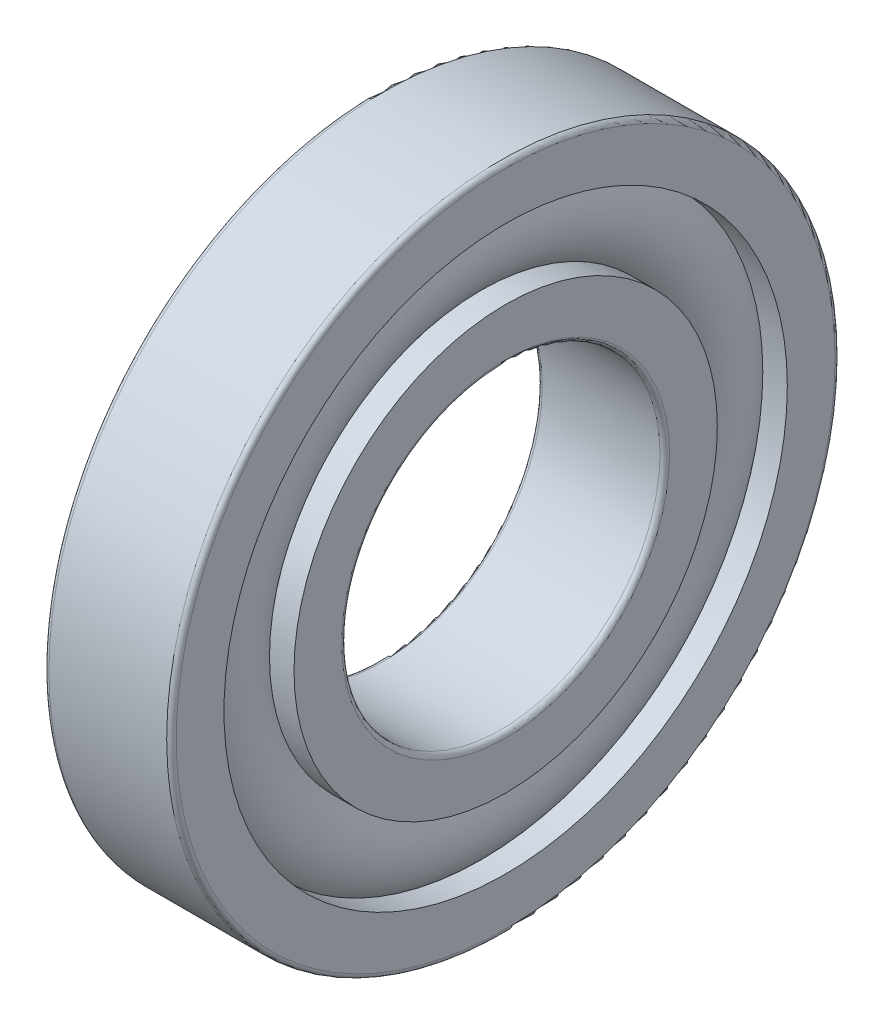
ISO-10303-21;
HEADER;
FILE_DESCRIPTION(('STEP AP214'),'2;1');
FILE_NAME('part.step','',(''),(''),'','','');
FILE_SCHEMA(('AUTOMOTIVE_DESIGN { 1 0 10303 214 1 1 1 1 }'));
ENDSEC;
DATA;
#1=APPLICATION_CONTEXT('core data for automotive mechanical design processes');
#2=APPLICATION_PROTOCOL_DEFINITION('international standard','automotive_design',2000,#1);
#3=PRODUCT_CONTEXT('',#1,'mechanical');
#4=PRODUCT('Part','Part','',(#3));
#5=PRODUCT_RELATED_PRODUCT_CATEGORY('part','',(#4));
#6=PRODUCT_DEFINITION_FORMATION('','',#4);
#7=PRODUCT_DEFINITION_CONTEXT('part definition',#1,'design');
#8=PRODUCT_DEFINITION('design','',#6,#7);
#9=PRODUCT_DEFINITION_SHAPE('','',#8);
#10=(LENGTH_UNIT() NAMED_UNIT(*) SI_UNIT(.MILLI.,.METRE.));
#11=(NAMED_UNIT(*) PLANE_ANGLE_UNIT() SI_UNIT($,.RADIAN.));
#12=(NAMED_UNIT(*) SI_UNIT($,.STERADIAN.) SOLID_ANGLE_UNIT());
#13=UNCERTAINTY_MEASURE_WITH_UNIT(LENGTH_MEASURE(1.E-05),#10,'distance_accuracy_value','');
#14=(GEOMETRIC_REPRESENTATION_CONTEXT(3) GLOBAL_UNCERTAINTY_ASSIGNED_CONTEXT((#13)) GLOBAL_UNIT_ASSIGNED_CONTEXT((#10,
#11,#12)) REPRESENTATION_CONTEXT('',''));
#15=CARTESIAN_POINT('',(0.,0.,0.));
#16=DIRECTION('',(0.,0.,1.));
#17=DIRECTION('',(1.,0.,0.));
#18=AXIS2_PLACEMENT_3D('',#15,#16,#17);
#19=CARTESIAN_POINT('',(0.,0.,0.));
#20=DIRECTION('',(-1.,0.,0.));
#21=DIRECTION('',(0.,0.,1.));
#22=AXIS2_PLACEMENT_3D('',#19,#20,#21);
#23=TOROIDAL_SURFACE('',#22,15.5,3.3);
#24=CARTESIAN_POINT('',(2.45967477524976,0.,0.));
#25=DIRECTION('',(-1.,0.,0.));
#26=DIRECTION('',(0.,0.,1.));
#27=AXIS2_PLACEMENT_3D('',#24,#25,#26);
#28=CIRCLE('',#27,17.7);
#29=CARTESIAN_POINT('',(2.45967477524976,0.,17.7));
#30=VERTEX_POINT('',#29);
#31=EDGE_CURVE('E35',#30,#30,#28,.F.);
#32=ORIENTED_EDGE('',*,*,#31,.T.);
#33=EDGE_LOOP('',(#32));
#34=FACE_BOUND('',#33,.T.);
#35=CARTESIAN_POINT('',(2.45967477524977,0.,0.));
#36=DIRECTION('',(-1.,0.,0.));
#37=DIRECTION('',(0.,0.,1.));
#38=AXIS2_PLACEMENT_3D('',#35,#36,#37);
#39=CIRCLE('',#38,13.3);
#40=CARTESIAN_POINT('',(2.45967477524977,0.,13.3));
#41=VERTEX_POINT('',#40);
#42=EDGE_CURVE('E10',#41,#41,#39,.T.);
#43=ORIENTED_EDGE('',*,*,#42,.T.);
#44=EDGE_LOOP('',(#43));
#45=FACE_BOUND('',#44,.T.);
#46=ADVANCED_FACE('F31',(#34,#45),#23,.T.);
#47=CARTESIAN_POINT('',(-20.6375,0.,0.));
#48=DIRECTION('',(1.,0.,0.));
#49=DIRECTION('',(0.,0.,-1.));
#50=AXIS2_PLACEMENT_3D('',#47,#48,#49);
#51=CYLINDRICAL_SURFACE('',#50,13.3);
#52=CARTESIAN_POINT('',(4.,0.,0.));
#53=DIRECTION('',(1.,0.,0.));
#54=DIRECTION('',(0.,0.,-1.));
#55=AXIS2_PLACEMENT_3D('',#52,#53,#54);
#56=CIRCLE('',#55,13.3);
#57=CARTESIAN_POINT('',(4.,0.,-13.3));
#58=VERTEX_POINT('',#57);
#59=EDGE_CURVE('E44',#58,#58,#56,.T.);
#60=ORIENTED_EDGE('',*,*,#59,.F.);
#61=EDGE_LOOP('',(#60));
#62=FACE_BOUND('',#61,.T.);
#63=ORIENTED_EDGE('',*,*,#42,.F.);
#64=EDGE_LOOP('',(#63));
#65=FACE_BOUND('',#64,.T.);
#66=ADVANCED_FACE('F83',(#62,#65),#51,.T.);
#67=CARTESIAN_POINT('',(-20.6375,0.,0.));
#68=DIRECTION('',(1.,0.,0.));
#69=DIRECTION('',(0.,0.,-1.));
#70=AXIS2_PLACEMENT_3D('',#67,#68,#69);
#71=CYLINDRICAL_SURFACE('',#70,13.3);
#72=CARTESIAN_POINT('',(-4.,0.,0.));
#73=DIRECTION('',(1.,0.,0.));
#74=DIRECTION('',(0.,0.,-1.));
#75=AXIS2_PLACEMENT_3D('',#72,#73,#74);
#76=CIRCLE('',#75,13.3);
#77=CARTESIAN_POINT('',(-4.,0.,-13.3));
#78=VERTEX_POINT('',#77);
#79=EDGE_CURVE('E53',#78,#78,#76,.T.);
#80=ORIENTED_EDGE('',*,*,#79,.T.);
#81=EDGE_LOOP('',(#80));
#82=FACE_BOUND('',#81,.T.);
#83=CARTESIAN_POINT('',(-2.45967477524977,0.,0.));
#84=DIRECTION('',(1.,0.,0.));
#85=DIRECTION('',(0.,0.,-1.));
#86=AXIS2_PLACEMENT_3D('',#83,#84,#85);
#87=CIRCLE('',#86,13.3);
#88=CARTESIAN_POINT('',(-2.45967477524977,0.,-13.3));
#89=VERTEX_POINT('',#88);
#90=EDGE_CURVE('E39',#89,#89,#87,.T.);
#91=ORIENTED_EDGE('',*,*,#90,.F.);
#92=EDGE_LOOP('',(#91));
#93=FACE_BOUND('',#92,.T.);
#94=ADVANCED_FACE('F86',(#82,#93),#71,.T.);
#95=CARTESIAN_POINT('',(4.,10.3,0.));
#96=DIRECTION('',(1.,0.,0.));
#97=DIRECTION('',(0.,0.,-1.));
#98=AXIS2_PLACEMENT_3D('',#95,#96,#97);
#99=PLANE('',#98);
#100=ORIENTED_EDGE('',*,*,#59,.T.);
#101=EDGE_LOOP('',(#100));
#102=FACE_BOUND('',#101,.T.);
#103=CARTESIAN_POINT('',(4.,0.,0.));
#104=DIRECTION('',(1.,0.,0.));
#105=DIRECTION('',(0.,0.,-1.));
#106=AXIS2_PLACEMENT_3D('',#103,#104,#105);
#107=CIRCLE('',#106,10.3);
#108=CARTESIAN_POINT('',(4.,0.,-10.3));
#109=VERTEX_POINT('',#108);
#110=EDGE_CURVE('E75',#109,#109,#107,.T.);
#111=ORIENTED_EDGE('',*,*,#110,.F.);
#112=EDGE_LOOP('',(#111));
#113=FACE_BOUND('',#112,.T.);
#114=ADVANCED_FACE('F80',(#102,#113),#99,.T.);
#115=CARTESIAN_POINT('',(3.7,0.,0.));
#116=DIRECTION('',(1.,0.,0.));
#117=DIRECTION('',(0.,0.,-1.));
#118=AXIS2_PLACEMENT_3D('',#115,#116,#117);
#119=TOROIDAL_SURFACE('',#118,10.3,0.300000000000003);
#120=ORIENTED_EDGE('',*,*,#110,.T.);
#121=EDGE_LOOP('',(#120));
#122=FACE_BOUND('',#121,.T.);
#123=CARTESIAN_POINT('',(3.7,0.,0.));
#124=DIRECTION('',(1.,0.,0.));
#125=DIRECTION('',(0.,0.,-1.));
#126=AXIS2_PLACEMENT_3D('',#123,#124,#125);
#127=CIRCLE('',#126,9.99999999999999);
#128=CARTESIAN_POINT('',(3.7,0.,-9.99999999999999));
#129=VERTEX_POINT('',#128);
#130=EDGE_CURVE('E72',#129,#129,#127,.T.);
#131=ORIENTED_EDGE('',*,*,#130,.F.);
#132=EDGE_LOOP('',(#131));
#133=FACE_BOUND('',#132,.T.);
#134=ADVANCED_FACE('F97',(#122,#133),#119,.T.);
#135=CARTESIAN_POINT('',(-20.6375,0.,0.));
#136=DIRECTION('',(1.,0.,0.));
#137=DIRECTION('',(0.,0.,-1.));
#138=AXIS2_PLACEMENT_3D('',#135,#136,#137);
#139=CYLINDRICAL_SURFACE('',#138,10.);
#140=ORIENTED_EDGE('',*,*,#130,.T.);
#141=EDGE_LOOP('',(#140));
#142=FACE_BOUND('',#141,.T.);
#143=CARTESIAN_POINT('',(-3.7,0.,0.));
#144=DIRECTION('',(1.,0.,0.));
#145=DIRECTION('',(0.,0.,-1.));
#146=AXIS2_PLACEMENT_3D('',#143,#144,#145);
#147=CIRCLE('',#146,10.);
#148=CARTESIAN_POINT('',(-3.7,0.,-10.));
#149=VERTEX_POINT('',#148);
#150=EDGE_CURVE('E69',#149,#149,#147,.T.);
#151=ORIENTED_EDGE('',*,*,#150,.F.);
#152=EDGE_LOOP('',(#151));
#153=FACE_BOUND('',#152,.T.);
#154=ADVANCED_FACE('F100',(#142,#153),#139,.F.);
#155=CARTESIAN_POINT('',(-3.7,0.,0.));
#156=DIRECTION('',(1.,0.,0.));
#157=DIRECTION('',(0.,0.,-1.));
#158=AXIS2_PLACEMENT_3D('',#155,#156,#157);
#159=TOROIDAL_SURFACE('',#158,10.3,0.300000000000003);
#160=ORIENTED_EDGE('',*,*,#150,.T.);
#161=EDGE_LOOP('',(#160));
#162=FACE_BOUND('',#161,.T.);
#163=CARTESIAN_POINT('',(-4.,0.,0.));
#164=DIRECTION('',(1.,0.,0.));
#165=DIRECTION('',(0.,0.,-1.));
#166=AXIS2_PLACEMENT_3D('',#163,#164,#165);
#167=CIRCLE('',#166,10.3);
#168=CARTESIAN_POINT('',(-4.,0.,-10.3));
#169=VERTEX_POINT('',#168);
#170=EDGE_CURVE('E66',#169,#169,#167,.T.);
#171=ORIENTED_EDGE('',*,*,#170,.F.);
#172=EDGE_LOOP('',(#171));
#173=FACE_BOUND('',#172,.T.);
#174=ADVANCED_FACE('F104',(#162,#173),#159,.T.);
#175=CARTESIAN_POINT('',(-4.,13.3,0.));
#176=DIRECTION('',(-1.,0.,0.));
#177=DIRECTION('',(0.,0.,1.));
#178=AXIS2_PLACEMENT_3D('',#175,#176,#177);
#179=PLANE('',#178);
#180=ORIENTED_EDGE('',*,*,#170,.T.);
#181=EDGE_LOOP('',(#180));
#182=FACE_BOUND('',#181,.T.);
#183=ORIENTED_EDGE('',*,*,#79,.F.);
#184=EDGE_LOOP('',(#183));
#185=FACE_BOUND('',#184,.T.);
#186=ADVANCED_FACE('F108',(#182,#185),#179,.T.);
#187=CARTESIAN_POINT('',(-2.45967477524976,0.,0.));
#188=DIRECTION('',(1.,0.,0.));
#189=DIRECTION('',(0.,0.,-1.));
#190=AXIS2_PLACEMENT_3D('',#187,#188,#189);
#191=CIRCLE('',#190,17.7);
#192=CARTESIAN_POINT('',(-2.45967477524976,0.,-17.7));
#193=VERTEX_POINT('',#192);
#194=EDGE_CURVE('E47',#193,#193,#191,.F.);
#195=ORIENTED_EDGE('',*,*,#194,.T.);
#196=EDGE_LOOP('',(#195));
#197=FACE_BOUND('',#196,.T.);
#198=ORIENTED_EDGE('',*,*,#90,.T.);
#199=EDGE_LOOP('',(#198));
#200=FACE_BOUND('',#199,.T.);
#201=ADVANCED_FACE('F33',(#197,#200),#23,.T.);
#202=CARTESIAN_POINT('',(-20.6375,0.,0.));
#203=DIRECTION('',(1.,0.,0.));
#204=DIRECTION('',(0.,0.,-1.));
#205=AXIS2_PLACEMENT_3D('',#202,#203,#204);
#206=CYLINDRICAL_SURFACE('',#205,17.7);
#207=CARTESIAN_POINT('',(4.,0.,0.));
#208=DIRECTION('',(1.,0.,0.));
#209=DIRECTION('',(0.,0.,-1.));
#210=AXIS2_PLACEMENT_3D('',#207,#208,#209);
#211=CIRCLE('',#210,17.7);
#212=CARTESIAN_POINT('',(4.,0.,-17.7));
#213=VERTEX_POINT('',#212);
#214=EDGE_CURVE('E49',#213,#213,#211,.T.);
#215=ORIENTED_EDGE('',*,*,#214,.T.);
#216=EDGE_LOOP('',(#215));
#217=FACE_BOUND('',#216,.T.);
#218=ORIENTED_EDGE('',*,*,#31,.F.);
#219=EDGE_LOOP('',(#218));
#220=FACE_BOUND('',#219,.T.);
#221=ADVANCED_FACE('F113',(#217,#220),#206,.F.);
#222=CARTESIAN_POINT('',(-20.6375,0.,0.));
#223=DIRECTION('',(1.,0.,0.));
#224=DIRECTION('',(0.,0.,-1.));
#225=AXIS2_PLACEMENT_3D('',#222,#223,#224);
#226=CYLINDRICAL_SURFACE('',#225,17.7);
#227=CARTESIAN_POINT('',(-4.,0.,0.));
#228=DIRECTION('',(1.,0.,0.));
#229=DIRECTION('',(0.,0.,-1.));
#230=AXIS2_PLACEMENT_3D('',#227,#228,#229);
#231=CIRCLE('',#230,17.7);
#232=CARTESIAN_POINT('',(-4.,0.,-17.7));
#233=VERTEX_POINT('',#232);
#234=EDGE_CURVE('E144',#233,#233,#231,.T.);
#235=ORIENTED_EDGE('',*,*,#234,.F.);
#236=EDGE_LOOP('',(#235));
#237=FACE_BOUND('',#236,.T.);
#238=ORIENTED_EDGE('',*,*,#194,.F.);
#239=EDGE_LOOP('',(#238));
#240=FACE_BOUND('',#239,.T.);
#241=ADVANCED_FACE('F116',(#237,#240),#226,.F.);
#242=CARTESIAN_POINT('',(4.,20.7,0.));
#243=DIRECTION('',(1.,0.,0.));
#244=DIRECTION('',(0.,0.,-1.));
#245=AXIS2_PLACEMENT_3D('',#242,#243,#244);
#246=PLANE('',#245);
#247=CARTESIAN_POINT('',(4.,0.,0.));
#248=DIRECTION('',(1.,0.,0.));
#249=DIRECTION('',(0.,0.,-1.));
#250=AXIS2_PLACEMENT_3D('',#247,#248,#249);
#251=CIRCLE('',#250,20.7);
#252=CARTESIAN_POINT('',(4.,0.,-20.7));
#253=VERTEX_POINT('',#252);
#254=EDGE_CURVE('E55',#253,#253,#251,.T.);
#255=ORIENTED_EDGE('',*,*,#254,.T.);
#256=EDGE_LOOP('',(#255));
#257=FACE_BOUND('',#256,.T.);
#258=ORIENTED_EDGE('',*,*,#214,.F.);
#259=EDGE_LOOP('',(#258));
#260=FACE_BOUND('',#259,.T.);
#261=ADVANCED_FACE('F117',(#257,#260),#246,.T.);
#262=CARTESIAN_POINT('',(3.7,0.,0.));
#263=DIRECTION('',(1.,0.,0.));
#264=DIRECTION('',(0.,0.,-1.));
#265=AXIS2_PLACEMENT_3D('',#262,#263,#264);
#266=TOROIDAL_SURFACE('',#265,20.7,0.299999999999999);
#267=CARTESIAN_POINT('',(3.7,0.,0.));
#268=DIRECTION('',(1.,0.,0.));
#269=DIRECTION('',(0.,0.,-1.));
#270=AXIS2_PLACEMENT_3D('',#267,#268,#269);
#271=CIRCLE('',#270,21.);
#272=CARTESIAN_POINT('',(3.7,0.,-21.));
#273=VERTEX_POINT('',#272);
#274=EDGE_CURVE('E60',#273,#273,#271,.T.);
#275=ORIENTED_EDGE('',*,*,#274,.T.);
#276=EDGE_LOOP('',(#275));
#277=FACE_BOUND('',#276,.T.);
#278=ORIENTED_EDGE('',*,*,#254,.F.);
#279=EDGE_LOOP('',(#278));
#280=FACE_BOUND('',#279,.T.);
#281=ADVANCED_FACE('F120',(#277,#280),#266,.T.);
#282=CARTESIAN_POINT('',(-20.6375,0.,0.));
#283=DIRECTION('',(1.,0.,0.));
#284=DIRECTION('',(0.,0.,-1.));
#285=AXIS2_PLACEMENT_3D('',#282,#283,#284);
#286=CYLINDRICAL_SURFACE('',#285,21.);
#287=CARTESIAN_POINT('',(-3.7,0.,0.));
#288=DIRECTION('',(1.,0.,0.));
#289=DIRECTION('',(0.,0.,-1.));
#290=AXIS2_PLACEMENT_3D('',#287,#288,#289);
#291=CIRCLE('',#290,21.);
#292=CARTESIAN_POINT('',(-3.7,0.,-21.));
#293=VERTEX_POINT('',#292);
#294=EDGE_CURVE('E148',#293,#293,#291,.T.);
#295=ORIENTED_EDGE('',*,*,#294,.T.);
#296=EDGE_LOOP('',(#295));
#297=FACE_BOUND('',#296,.T.);
#298=ORIENTED_EDGE('',*,*,#274,.F.);
#299=EDGE_LOOP('',(#298));
#300=FACE_BOUND('',#299,.T.);
#301=ADVANCED_FACE('F124',(#297,#300),#286,.T.);
#302=CARTESIAN_POINT('',(-3.7,0.,0.));
#303=DIRECTION('',(1.,0.,0.));
#304=DIRECTION('',(0.,0.,-1.));
#305=AXIS2_PLACEMENT_3D('',#302,#303,#304);
#306=TOROIDAL_SURFACE('',#305,20.7,0.299999999999999);
#307=CARTESIAN_POINT('',(-4.,0.,0.));
#308=DIRECTION('',(1.,0.,0.));
#309=DIRECTION('',(0.,0.,-1.));
#310=AXIS2_PLACEMENT_3D('',#307,#308,#309);
#311=CIRCLE('',#310,20.7);
#312=CARTESIAN_POINT('',(-4.,0.,-20.7));
#313=VERTEX_POINT('',#312);
#314=EDGE_CURVE('E145',#313,#313,#311,.T.);
#315=ORIENTED_EDGE('',*,*,#314,.T.);
#316=EDGE_LOOP('',(#315));
#317=FACE_BOUND('',#316,.T.);
#318=ORIENTED_EDGE('',*,*,#294,.F.);
#319=EDGE_LOOP('',(#318));
#320=FACE_BOUND('',#319,.T.);
#321=ADVANCED_FACE('F128',(#317,#320),#306,.T.);
#322=CARTESIAN_POINT('',(-4.,17.7,0.));
#323=DIRECTION('',(-1.,0.,0.));
#324=DIRECTION('',(0.,0.,1.));
#325=AXIS2_PLACEMENT_3D('',#322,#323,#324);
#326=PLANE('',#325);
#327=ORIENTED_EDGE('',*,*,#234,.T.);
#328=EDGE_LOOP('',(#327));
#329=FACE_BOUND('',#328,.T.);
#330=ORIENTED_EDGE('',*,*,#314,.F.);
#331=EDGE_LOOP('',(#330));
#332=FACE_BOUND('',#331,.T.);
#333=ADVANCED_FACE('F132',(#329,#332),#326,.T.);
#334=CLOSED_SHELL('',(#46,#66,#94,#114,#134,#154,#174,#186,#201,#221,#241,#261,#281,#301,#321,#333));
#335=MANIFOLD_SOLID_BREP('B2',#334);
#336=ADVANCED_BREP_SHAPE_REPRESENTATION('',(#18,#335),#14);
#337=SHAPE_DEFINITION_REPRESENTATION(#9,#336);
ENDSEC;
END-ISO-10303-21;

######

#### [WHAT TO PRODUCE]
Although the records above contain pictures, the copy should hold only the lines from their start through the line containing "#4=PRODUCT('Part','Part','',(#3));", each exactly as written, and none of the pictures.

#### [EXPECTED OUTPUT]
ISO-10303-21;
HEADER;
FILE_DESCRIPTION(('STEP AP214'),'2;1');
FILE_NAME('part.step','',(''),(''),'','','');
FILE_SCHEMA(('AUTOMOTIVE_DESIGN { 1 0 10303 214 1 1 1 1 }'));
ENDSEC;
DATA;
#1=APPLICATION_CONTEXT('core data for automotive mechanical design processes');
#2=APPLICATION_PROTOCOL_DEFINITION('international standard','automotive_design',2000,#1);
#3=PRODUCT_CONTEXT('',#1,'mechanical');
#4=PRODUCT('Part','Part','',(#3));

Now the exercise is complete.